*Work request*: The lines from the start of the records through the one containing "doc.layers.add(name, color=color, linetype=linetype)" are to be transcribed exactly, and nothing else.

Dataset items:
= Beginning of Section =

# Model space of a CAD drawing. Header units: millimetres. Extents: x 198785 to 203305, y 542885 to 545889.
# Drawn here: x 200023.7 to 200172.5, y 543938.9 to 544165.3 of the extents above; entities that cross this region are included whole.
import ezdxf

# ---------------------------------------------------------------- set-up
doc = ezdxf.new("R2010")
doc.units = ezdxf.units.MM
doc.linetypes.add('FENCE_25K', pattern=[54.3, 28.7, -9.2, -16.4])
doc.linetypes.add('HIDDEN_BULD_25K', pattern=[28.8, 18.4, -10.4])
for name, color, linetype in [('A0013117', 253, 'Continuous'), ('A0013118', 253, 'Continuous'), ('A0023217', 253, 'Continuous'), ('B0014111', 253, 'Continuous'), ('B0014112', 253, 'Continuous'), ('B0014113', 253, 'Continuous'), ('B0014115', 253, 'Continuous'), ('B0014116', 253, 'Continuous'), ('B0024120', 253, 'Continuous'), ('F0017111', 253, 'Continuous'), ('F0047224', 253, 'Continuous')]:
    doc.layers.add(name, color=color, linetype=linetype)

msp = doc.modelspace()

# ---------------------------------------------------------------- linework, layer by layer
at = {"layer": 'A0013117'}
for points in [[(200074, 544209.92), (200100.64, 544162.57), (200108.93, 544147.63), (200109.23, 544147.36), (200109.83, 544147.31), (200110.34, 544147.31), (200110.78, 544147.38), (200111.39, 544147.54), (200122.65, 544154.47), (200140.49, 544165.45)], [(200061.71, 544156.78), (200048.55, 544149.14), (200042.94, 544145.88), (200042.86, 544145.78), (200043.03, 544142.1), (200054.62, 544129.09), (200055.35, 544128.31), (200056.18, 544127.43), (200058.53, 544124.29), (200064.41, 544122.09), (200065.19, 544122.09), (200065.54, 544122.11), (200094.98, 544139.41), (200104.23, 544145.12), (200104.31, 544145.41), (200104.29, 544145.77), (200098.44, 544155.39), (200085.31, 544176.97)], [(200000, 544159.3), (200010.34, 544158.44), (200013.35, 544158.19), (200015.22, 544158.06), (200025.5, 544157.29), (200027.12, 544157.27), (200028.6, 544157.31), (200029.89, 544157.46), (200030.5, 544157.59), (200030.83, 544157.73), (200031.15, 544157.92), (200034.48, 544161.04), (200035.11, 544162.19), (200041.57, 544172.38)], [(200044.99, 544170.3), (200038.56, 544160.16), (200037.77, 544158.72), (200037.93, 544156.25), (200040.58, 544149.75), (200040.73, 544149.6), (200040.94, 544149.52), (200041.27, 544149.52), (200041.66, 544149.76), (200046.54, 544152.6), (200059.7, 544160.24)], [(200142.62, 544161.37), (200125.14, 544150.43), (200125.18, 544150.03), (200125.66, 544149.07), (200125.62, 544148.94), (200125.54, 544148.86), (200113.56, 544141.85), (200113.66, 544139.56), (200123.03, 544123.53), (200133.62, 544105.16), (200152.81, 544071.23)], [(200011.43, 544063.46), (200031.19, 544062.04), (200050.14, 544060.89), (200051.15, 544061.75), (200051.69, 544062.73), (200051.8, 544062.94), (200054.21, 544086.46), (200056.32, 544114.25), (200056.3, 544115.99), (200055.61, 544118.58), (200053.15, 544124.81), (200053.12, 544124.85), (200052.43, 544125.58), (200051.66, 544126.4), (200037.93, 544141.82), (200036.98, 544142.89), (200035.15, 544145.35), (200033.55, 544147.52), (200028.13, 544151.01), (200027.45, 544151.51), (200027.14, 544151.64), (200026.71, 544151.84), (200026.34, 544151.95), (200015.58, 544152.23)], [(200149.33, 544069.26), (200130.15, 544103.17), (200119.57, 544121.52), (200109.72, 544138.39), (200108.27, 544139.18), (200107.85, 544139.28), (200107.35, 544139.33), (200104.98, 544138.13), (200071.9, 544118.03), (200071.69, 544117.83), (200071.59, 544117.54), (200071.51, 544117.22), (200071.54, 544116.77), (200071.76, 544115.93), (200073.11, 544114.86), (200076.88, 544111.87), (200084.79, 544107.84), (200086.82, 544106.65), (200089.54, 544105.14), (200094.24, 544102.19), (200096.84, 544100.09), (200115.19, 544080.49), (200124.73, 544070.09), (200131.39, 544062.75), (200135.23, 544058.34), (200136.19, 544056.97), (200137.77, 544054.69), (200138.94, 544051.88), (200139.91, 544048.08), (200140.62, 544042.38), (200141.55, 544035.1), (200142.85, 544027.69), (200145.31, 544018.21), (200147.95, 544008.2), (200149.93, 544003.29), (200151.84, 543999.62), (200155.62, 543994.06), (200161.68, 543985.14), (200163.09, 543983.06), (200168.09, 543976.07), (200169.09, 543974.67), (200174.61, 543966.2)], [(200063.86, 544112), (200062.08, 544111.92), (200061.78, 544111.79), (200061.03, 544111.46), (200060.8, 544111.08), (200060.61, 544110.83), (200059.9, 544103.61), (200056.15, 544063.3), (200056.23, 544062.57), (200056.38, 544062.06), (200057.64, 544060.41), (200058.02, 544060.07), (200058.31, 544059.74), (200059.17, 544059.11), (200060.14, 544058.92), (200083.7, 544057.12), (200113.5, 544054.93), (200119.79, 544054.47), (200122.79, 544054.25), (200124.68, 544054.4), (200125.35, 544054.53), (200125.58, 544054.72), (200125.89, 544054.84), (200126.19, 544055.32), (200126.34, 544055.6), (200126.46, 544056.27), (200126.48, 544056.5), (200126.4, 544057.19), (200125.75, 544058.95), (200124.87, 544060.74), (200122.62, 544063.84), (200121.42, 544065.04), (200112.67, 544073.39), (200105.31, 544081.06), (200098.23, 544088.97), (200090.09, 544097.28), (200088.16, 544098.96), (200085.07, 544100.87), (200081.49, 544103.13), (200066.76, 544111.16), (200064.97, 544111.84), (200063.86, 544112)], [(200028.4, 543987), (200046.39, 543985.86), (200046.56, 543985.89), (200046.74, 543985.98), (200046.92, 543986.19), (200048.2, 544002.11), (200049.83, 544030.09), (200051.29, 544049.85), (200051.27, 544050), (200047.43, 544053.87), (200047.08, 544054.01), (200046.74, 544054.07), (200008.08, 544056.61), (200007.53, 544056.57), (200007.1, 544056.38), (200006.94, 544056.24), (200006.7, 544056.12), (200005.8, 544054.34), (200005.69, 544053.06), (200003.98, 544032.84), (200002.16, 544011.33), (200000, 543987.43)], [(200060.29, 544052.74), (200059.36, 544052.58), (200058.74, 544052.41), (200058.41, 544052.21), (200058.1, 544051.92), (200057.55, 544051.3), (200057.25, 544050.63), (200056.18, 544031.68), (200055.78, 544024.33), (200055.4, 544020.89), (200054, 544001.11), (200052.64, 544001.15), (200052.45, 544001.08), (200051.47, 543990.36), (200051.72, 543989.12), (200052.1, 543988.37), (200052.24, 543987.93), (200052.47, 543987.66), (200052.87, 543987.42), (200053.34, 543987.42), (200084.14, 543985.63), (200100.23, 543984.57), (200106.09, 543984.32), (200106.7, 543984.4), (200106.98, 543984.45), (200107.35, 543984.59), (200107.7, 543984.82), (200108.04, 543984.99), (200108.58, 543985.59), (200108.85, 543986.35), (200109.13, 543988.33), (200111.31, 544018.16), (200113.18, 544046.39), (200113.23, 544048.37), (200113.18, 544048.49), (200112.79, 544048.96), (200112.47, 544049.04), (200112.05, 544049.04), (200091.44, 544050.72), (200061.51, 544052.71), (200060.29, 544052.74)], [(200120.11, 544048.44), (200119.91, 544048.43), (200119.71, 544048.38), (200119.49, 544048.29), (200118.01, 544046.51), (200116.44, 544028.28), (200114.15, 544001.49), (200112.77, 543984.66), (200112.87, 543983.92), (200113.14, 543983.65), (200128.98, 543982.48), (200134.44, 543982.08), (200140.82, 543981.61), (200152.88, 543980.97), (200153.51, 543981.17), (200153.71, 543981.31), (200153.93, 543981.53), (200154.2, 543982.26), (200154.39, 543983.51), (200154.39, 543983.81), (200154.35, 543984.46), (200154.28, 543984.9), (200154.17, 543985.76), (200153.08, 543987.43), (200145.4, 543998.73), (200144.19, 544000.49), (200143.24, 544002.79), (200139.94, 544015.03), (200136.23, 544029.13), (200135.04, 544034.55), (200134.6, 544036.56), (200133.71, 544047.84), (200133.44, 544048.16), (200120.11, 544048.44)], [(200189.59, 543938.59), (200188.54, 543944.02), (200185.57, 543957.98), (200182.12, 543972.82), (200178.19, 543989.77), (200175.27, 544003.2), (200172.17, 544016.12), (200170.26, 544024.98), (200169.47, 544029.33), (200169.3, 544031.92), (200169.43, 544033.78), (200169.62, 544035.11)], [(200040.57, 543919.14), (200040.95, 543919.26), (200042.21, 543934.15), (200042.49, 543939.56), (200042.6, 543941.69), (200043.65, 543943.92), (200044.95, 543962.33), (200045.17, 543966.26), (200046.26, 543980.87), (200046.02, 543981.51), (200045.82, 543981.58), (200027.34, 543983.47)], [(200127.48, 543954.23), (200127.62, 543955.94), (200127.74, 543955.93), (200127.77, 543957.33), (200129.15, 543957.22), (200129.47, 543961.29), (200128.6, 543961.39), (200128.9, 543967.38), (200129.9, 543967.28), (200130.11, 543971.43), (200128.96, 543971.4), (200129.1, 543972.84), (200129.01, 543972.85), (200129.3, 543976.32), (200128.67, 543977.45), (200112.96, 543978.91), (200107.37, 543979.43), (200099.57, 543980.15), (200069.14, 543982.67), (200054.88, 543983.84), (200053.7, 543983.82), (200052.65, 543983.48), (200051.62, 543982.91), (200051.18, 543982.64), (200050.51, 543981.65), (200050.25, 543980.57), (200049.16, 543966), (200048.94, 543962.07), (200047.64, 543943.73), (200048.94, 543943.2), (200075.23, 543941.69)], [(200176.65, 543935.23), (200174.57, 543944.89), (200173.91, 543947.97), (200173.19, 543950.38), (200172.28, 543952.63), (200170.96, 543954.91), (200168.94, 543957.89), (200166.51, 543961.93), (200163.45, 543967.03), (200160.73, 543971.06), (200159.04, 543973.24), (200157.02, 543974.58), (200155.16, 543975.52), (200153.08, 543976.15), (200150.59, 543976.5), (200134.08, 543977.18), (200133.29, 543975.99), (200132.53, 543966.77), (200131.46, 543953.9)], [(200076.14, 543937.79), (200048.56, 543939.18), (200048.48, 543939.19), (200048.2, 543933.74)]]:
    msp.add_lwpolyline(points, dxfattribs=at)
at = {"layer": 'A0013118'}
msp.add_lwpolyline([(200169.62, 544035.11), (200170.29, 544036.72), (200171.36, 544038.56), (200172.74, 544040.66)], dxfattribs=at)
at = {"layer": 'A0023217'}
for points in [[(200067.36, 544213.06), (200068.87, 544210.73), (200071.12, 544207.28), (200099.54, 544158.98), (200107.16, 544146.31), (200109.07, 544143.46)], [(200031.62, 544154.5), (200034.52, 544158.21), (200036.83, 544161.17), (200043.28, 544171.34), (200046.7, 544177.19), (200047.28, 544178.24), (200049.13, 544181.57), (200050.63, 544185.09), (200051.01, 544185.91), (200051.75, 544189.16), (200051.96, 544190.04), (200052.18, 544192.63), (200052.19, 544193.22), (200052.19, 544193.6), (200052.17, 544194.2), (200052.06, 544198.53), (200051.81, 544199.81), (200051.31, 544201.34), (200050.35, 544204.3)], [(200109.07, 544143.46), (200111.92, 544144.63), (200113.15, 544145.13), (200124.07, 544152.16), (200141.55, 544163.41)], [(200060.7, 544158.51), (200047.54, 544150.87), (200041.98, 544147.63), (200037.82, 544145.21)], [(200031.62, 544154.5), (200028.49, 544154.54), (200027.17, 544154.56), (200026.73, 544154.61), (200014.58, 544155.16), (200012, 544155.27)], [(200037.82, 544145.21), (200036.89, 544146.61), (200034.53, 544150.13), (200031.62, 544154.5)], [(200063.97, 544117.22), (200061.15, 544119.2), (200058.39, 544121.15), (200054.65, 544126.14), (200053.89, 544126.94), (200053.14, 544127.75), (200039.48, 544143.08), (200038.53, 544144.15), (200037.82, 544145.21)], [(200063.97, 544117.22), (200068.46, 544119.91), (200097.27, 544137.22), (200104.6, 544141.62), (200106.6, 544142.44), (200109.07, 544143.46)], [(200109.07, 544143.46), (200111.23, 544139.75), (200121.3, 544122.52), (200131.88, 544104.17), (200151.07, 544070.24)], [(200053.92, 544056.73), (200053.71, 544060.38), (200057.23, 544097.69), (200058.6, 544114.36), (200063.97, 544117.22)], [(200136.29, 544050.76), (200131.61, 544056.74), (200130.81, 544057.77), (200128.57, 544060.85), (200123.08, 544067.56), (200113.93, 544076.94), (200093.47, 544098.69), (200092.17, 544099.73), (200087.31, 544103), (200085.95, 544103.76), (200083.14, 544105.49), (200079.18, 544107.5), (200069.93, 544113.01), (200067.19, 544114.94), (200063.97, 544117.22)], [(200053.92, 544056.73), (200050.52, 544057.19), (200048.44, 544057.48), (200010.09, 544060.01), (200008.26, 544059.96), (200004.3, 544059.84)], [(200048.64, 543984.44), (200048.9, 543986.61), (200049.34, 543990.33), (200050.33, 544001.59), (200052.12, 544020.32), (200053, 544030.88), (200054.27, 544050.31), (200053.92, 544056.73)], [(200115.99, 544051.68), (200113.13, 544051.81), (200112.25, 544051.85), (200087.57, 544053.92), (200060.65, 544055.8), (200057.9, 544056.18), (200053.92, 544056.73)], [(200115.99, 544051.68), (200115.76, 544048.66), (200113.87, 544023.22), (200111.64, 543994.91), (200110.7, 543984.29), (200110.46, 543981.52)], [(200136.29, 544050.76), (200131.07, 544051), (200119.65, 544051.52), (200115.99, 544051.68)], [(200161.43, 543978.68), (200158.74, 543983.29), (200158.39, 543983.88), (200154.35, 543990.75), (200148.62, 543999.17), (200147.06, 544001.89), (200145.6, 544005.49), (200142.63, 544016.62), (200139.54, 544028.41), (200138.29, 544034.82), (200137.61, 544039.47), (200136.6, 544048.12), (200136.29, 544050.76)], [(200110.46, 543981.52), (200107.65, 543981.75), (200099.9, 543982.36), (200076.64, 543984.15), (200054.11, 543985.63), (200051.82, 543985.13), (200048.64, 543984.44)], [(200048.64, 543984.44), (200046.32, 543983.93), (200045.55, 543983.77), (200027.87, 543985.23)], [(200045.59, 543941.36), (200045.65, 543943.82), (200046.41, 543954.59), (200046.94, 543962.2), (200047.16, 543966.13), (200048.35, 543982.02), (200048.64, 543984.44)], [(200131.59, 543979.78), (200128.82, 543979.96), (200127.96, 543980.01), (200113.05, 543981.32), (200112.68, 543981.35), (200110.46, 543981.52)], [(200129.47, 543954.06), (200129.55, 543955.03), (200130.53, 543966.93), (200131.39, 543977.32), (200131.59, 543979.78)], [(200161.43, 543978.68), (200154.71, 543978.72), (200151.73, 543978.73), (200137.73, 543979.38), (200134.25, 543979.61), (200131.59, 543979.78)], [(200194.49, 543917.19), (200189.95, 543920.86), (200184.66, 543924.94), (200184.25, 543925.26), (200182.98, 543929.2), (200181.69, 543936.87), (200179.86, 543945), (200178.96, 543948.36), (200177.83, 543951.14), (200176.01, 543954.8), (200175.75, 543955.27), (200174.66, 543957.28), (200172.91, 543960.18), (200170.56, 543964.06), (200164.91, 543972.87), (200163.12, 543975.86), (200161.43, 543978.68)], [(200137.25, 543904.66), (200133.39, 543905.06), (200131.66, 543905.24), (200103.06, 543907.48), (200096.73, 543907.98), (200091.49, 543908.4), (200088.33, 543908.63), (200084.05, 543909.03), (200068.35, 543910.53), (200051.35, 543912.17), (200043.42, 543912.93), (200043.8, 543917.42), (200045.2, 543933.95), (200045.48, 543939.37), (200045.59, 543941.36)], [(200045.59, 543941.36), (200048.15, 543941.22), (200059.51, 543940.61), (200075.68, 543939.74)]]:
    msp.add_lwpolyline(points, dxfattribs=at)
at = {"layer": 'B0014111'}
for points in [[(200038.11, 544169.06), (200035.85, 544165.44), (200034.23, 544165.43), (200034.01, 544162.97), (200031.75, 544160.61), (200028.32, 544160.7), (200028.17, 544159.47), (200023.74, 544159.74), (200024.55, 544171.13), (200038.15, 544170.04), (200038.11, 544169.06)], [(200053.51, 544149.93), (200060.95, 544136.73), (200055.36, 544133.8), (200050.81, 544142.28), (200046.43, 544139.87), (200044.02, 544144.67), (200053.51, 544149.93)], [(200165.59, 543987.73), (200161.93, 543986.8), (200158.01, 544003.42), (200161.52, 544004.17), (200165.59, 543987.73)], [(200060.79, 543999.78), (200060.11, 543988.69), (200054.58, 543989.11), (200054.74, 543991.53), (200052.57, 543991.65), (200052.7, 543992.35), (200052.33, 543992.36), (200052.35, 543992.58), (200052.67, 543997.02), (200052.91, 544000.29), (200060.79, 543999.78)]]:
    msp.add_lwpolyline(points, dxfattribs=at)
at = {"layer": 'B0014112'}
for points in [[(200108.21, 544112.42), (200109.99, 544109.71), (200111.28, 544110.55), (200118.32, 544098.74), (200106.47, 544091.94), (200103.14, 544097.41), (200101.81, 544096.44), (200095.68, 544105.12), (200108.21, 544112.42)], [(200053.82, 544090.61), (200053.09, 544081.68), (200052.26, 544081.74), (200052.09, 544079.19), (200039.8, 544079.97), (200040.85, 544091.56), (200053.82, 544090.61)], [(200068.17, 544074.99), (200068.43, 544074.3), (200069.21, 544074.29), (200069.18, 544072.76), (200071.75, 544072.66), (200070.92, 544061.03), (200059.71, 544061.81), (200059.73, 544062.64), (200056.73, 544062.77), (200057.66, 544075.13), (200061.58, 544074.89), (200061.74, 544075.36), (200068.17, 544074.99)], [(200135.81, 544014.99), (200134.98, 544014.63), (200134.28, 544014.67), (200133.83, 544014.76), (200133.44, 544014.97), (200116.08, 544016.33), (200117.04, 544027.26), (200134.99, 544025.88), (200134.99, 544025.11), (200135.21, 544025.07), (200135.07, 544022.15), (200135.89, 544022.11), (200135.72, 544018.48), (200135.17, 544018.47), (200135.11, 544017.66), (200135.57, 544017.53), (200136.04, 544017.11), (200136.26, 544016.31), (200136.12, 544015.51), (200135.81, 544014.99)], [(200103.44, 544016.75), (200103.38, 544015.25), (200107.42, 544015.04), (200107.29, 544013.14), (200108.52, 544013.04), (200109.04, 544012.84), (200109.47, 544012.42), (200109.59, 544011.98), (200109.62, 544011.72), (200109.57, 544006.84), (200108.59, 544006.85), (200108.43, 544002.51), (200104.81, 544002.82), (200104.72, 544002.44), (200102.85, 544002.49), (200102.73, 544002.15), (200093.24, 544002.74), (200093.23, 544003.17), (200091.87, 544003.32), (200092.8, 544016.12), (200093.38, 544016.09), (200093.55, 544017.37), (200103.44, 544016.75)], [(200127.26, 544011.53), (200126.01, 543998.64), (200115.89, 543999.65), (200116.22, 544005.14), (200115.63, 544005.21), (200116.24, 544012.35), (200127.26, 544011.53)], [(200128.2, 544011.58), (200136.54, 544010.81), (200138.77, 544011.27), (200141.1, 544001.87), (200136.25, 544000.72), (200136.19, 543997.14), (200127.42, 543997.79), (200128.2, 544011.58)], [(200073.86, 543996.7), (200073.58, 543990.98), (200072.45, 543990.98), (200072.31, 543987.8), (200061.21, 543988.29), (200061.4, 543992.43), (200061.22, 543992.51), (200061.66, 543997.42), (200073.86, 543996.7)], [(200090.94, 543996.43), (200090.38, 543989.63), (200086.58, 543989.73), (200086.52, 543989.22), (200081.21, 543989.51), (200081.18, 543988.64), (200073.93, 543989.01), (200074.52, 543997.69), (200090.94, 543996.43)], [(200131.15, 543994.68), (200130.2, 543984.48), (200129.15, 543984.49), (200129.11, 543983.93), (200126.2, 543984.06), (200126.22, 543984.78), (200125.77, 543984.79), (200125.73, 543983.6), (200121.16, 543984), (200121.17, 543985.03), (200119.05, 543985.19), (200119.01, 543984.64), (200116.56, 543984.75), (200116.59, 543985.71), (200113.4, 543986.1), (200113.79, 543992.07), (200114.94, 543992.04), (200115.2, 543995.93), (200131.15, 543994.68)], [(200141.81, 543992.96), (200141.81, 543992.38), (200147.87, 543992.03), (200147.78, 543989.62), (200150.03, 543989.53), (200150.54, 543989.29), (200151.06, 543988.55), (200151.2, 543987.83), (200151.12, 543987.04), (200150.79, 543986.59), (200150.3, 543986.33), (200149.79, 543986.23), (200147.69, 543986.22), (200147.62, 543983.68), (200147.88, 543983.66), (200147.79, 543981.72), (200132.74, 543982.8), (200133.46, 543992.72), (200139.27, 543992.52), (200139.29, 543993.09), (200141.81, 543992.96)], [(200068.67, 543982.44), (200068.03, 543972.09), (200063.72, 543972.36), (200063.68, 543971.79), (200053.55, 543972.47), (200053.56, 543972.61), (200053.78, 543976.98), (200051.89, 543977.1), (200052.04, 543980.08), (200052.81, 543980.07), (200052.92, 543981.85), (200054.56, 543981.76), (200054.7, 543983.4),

= End of Section =

*Exercise answer*:
# Model space of a CAD drawing. Header units: millimetres. Extents: x 198785 to 203305, y 542885 to 545889.
# Drawn here: x 200023.7 to 200172.5, y 543938.9 to 544165.3 of the extents above; entities that cross this region are included whole.
import ezdxf

# ---------------------------------------------------------------- set-up
doc = ezdxf.new("R2010")
doc.units = ezdxf.units.MM
doc.linetypes.add('FENCE_25K', pattern=[54.3, 28.7, -9.2, -16.4])
doc.linetypes.add('HIDDEN_BULD_25K', pattern=[28.8, 18.4, -10.4])
for name, color, linetype in [('A0013117', 253, 'Continuous'), ('A0013118', 253, 'Continuous'), ('A0023217', 253, 'Continuous'), ('B0014111', 253, 'Continuous'), ('B0014112', 253, 'Continuous'), ('B0014113', 253, 'Continuous'), ('B0014115', 253, 'Continuous'), ('B0014116', 253, 'Continuous'), ('B0024120', 253, 'Continuous'), ('F0017111', 253, 'Continuous'), ('F0047224', 253, 'Continuous')]:
    doc.layers.add(name, color=color, linetype=linetype)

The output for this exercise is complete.